RECORDS FOR THE EXERCISE >>
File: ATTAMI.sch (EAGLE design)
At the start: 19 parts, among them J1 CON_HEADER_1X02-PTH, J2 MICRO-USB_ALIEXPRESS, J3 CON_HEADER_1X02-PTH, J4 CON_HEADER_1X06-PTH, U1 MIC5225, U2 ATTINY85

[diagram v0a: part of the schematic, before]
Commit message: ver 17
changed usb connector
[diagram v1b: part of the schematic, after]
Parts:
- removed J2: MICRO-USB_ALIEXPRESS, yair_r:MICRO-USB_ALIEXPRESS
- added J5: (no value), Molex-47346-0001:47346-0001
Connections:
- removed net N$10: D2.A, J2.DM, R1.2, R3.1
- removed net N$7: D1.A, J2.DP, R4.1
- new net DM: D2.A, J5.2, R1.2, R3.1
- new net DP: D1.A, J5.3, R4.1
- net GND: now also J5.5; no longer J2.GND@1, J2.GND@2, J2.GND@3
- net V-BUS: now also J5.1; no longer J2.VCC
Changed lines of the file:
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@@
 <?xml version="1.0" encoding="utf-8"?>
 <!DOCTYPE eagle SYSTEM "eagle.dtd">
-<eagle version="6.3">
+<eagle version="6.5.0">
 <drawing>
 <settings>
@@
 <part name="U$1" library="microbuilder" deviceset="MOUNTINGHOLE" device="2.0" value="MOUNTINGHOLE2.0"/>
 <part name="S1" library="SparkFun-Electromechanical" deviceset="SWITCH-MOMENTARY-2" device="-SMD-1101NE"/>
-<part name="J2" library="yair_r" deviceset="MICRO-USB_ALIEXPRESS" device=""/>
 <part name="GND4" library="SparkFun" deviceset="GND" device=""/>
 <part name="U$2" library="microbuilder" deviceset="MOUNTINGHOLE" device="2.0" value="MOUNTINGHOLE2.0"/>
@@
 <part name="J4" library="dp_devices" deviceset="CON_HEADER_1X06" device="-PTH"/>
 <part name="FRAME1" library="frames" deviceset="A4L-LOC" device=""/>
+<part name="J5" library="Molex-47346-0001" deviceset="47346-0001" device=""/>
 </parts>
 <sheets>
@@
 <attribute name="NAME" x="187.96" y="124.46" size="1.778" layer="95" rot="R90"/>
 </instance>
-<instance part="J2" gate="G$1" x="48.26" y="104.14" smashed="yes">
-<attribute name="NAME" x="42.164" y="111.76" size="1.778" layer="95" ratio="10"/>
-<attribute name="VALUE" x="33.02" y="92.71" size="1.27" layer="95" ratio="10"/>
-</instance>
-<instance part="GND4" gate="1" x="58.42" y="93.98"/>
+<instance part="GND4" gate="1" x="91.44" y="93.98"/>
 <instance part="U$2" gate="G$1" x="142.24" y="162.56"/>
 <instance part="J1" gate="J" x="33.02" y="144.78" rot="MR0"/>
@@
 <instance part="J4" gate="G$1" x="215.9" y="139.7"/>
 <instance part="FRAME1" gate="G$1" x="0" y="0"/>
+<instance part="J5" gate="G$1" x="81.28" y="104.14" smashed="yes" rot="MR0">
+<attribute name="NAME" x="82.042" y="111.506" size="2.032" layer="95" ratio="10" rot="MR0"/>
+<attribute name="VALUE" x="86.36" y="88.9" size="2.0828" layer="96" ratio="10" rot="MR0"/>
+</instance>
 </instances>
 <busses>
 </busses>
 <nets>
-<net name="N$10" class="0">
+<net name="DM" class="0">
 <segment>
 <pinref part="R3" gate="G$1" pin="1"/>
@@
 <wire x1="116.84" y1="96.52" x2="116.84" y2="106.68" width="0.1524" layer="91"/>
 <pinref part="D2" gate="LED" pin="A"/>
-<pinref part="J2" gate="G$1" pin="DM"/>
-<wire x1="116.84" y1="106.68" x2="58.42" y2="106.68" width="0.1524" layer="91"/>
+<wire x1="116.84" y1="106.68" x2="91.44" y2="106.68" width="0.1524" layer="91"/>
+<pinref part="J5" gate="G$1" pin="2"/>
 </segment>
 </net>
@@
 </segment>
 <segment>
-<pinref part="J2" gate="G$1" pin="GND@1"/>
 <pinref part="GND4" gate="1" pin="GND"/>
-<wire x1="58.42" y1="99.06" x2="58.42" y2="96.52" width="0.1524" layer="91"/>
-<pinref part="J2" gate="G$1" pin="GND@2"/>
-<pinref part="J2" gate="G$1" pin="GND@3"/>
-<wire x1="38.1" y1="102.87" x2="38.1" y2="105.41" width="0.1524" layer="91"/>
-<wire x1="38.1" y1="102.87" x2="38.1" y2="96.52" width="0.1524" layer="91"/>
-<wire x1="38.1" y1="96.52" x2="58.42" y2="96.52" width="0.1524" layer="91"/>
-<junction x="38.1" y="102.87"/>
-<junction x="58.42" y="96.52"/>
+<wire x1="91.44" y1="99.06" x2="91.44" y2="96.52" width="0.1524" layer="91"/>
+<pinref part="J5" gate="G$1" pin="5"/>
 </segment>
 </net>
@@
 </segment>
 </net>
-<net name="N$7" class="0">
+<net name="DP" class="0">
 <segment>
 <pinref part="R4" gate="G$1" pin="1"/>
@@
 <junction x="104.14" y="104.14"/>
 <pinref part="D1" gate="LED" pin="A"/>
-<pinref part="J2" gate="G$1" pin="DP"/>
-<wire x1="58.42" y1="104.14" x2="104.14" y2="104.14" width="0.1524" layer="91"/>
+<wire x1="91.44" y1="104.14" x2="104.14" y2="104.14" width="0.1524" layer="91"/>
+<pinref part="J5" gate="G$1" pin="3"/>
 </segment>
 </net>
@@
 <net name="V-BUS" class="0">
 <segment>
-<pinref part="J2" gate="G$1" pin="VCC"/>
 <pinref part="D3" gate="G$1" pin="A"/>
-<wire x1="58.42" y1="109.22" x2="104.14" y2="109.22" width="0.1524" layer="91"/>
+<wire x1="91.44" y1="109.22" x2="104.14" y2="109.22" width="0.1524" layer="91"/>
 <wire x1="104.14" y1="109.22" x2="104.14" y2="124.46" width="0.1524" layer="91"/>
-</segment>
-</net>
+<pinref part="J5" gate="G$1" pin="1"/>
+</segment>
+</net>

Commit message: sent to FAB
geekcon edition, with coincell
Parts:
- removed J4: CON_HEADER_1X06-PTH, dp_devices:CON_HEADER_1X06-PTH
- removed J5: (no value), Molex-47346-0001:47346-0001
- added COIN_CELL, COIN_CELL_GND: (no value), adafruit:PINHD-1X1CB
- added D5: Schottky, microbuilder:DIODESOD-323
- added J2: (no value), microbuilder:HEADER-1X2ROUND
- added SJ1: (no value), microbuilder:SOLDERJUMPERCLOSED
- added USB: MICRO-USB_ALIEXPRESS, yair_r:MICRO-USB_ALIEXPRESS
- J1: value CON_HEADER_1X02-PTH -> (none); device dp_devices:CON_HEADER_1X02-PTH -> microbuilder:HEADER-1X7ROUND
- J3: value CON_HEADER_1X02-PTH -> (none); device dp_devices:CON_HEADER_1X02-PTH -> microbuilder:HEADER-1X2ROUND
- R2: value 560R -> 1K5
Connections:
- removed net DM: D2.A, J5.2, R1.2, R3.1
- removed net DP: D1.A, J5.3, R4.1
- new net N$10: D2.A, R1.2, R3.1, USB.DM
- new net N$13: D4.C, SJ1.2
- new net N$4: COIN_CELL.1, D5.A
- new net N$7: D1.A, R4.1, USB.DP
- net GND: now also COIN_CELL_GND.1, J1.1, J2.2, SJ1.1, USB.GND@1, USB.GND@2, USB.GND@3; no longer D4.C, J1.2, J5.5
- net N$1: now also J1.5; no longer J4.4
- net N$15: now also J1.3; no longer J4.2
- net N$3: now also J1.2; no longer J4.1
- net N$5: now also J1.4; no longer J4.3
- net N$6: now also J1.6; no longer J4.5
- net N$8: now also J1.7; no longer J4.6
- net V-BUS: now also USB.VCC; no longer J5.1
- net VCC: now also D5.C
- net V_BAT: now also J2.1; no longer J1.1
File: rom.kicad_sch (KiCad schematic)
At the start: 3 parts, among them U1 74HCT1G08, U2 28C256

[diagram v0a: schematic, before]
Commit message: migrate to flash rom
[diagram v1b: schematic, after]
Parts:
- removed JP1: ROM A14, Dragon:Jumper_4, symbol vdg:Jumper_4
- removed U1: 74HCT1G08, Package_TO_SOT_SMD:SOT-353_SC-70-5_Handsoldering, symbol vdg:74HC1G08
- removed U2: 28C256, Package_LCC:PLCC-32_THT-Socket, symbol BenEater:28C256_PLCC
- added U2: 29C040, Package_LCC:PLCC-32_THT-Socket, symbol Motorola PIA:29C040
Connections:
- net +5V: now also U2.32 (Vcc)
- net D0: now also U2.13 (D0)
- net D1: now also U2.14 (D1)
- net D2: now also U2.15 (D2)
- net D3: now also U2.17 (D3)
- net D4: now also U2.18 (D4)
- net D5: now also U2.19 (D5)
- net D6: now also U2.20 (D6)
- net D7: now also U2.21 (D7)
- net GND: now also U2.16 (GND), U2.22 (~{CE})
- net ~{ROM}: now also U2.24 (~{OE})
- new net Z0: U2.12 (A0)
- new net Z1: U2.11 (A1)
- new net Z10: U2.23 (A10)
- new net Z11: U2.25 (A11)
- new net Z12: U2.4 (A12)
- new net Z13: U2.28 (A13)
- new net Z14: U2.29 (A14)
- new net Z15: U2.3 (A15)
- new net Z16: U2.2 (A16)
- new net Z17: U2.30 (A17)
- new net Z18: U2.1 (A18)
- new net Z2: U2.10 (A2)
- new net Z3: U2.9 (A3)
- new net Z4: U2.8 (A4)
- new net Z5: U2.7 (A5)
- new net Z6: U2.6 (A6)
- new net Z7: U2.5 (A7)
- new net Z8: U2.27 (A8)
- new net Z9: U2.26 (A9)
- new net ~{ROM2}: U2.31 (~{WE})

AIM OF THE TASK >> Within the material above, transcribe exactly the lines that run from the line holding "- new net Z1: U2.11 (A1)" through the line holding "- new net Z8: U2.27 (A8)".

OUTPUT >>
- new net Z1: U2.11 (A1)
- new net Z10: U2.23 (A10)
- new net Z11: U2.25 (A11)
- new net Z12: U2.4 (A12)
- new net Z13: U2.28 (A13)
- new net Z14: U2.29 (A14)
- new net Z15: U2.3 (A15)
- new net Z16: U2.2 (A16)
- new net Z17: U2.30 (A17)
- new net Z18: U2.1 (A18)
- new net Z2: U2.10 (A2)
- new net Z3: U2.9 (A3)
- new net Z4: U2.8 (A4)
- new net Z5: U2.7 (A5)
- new net Z6: U2.6 (A6)
- new net Z7: U2.5 (A7)
- new net Z8: U2.27 (A8)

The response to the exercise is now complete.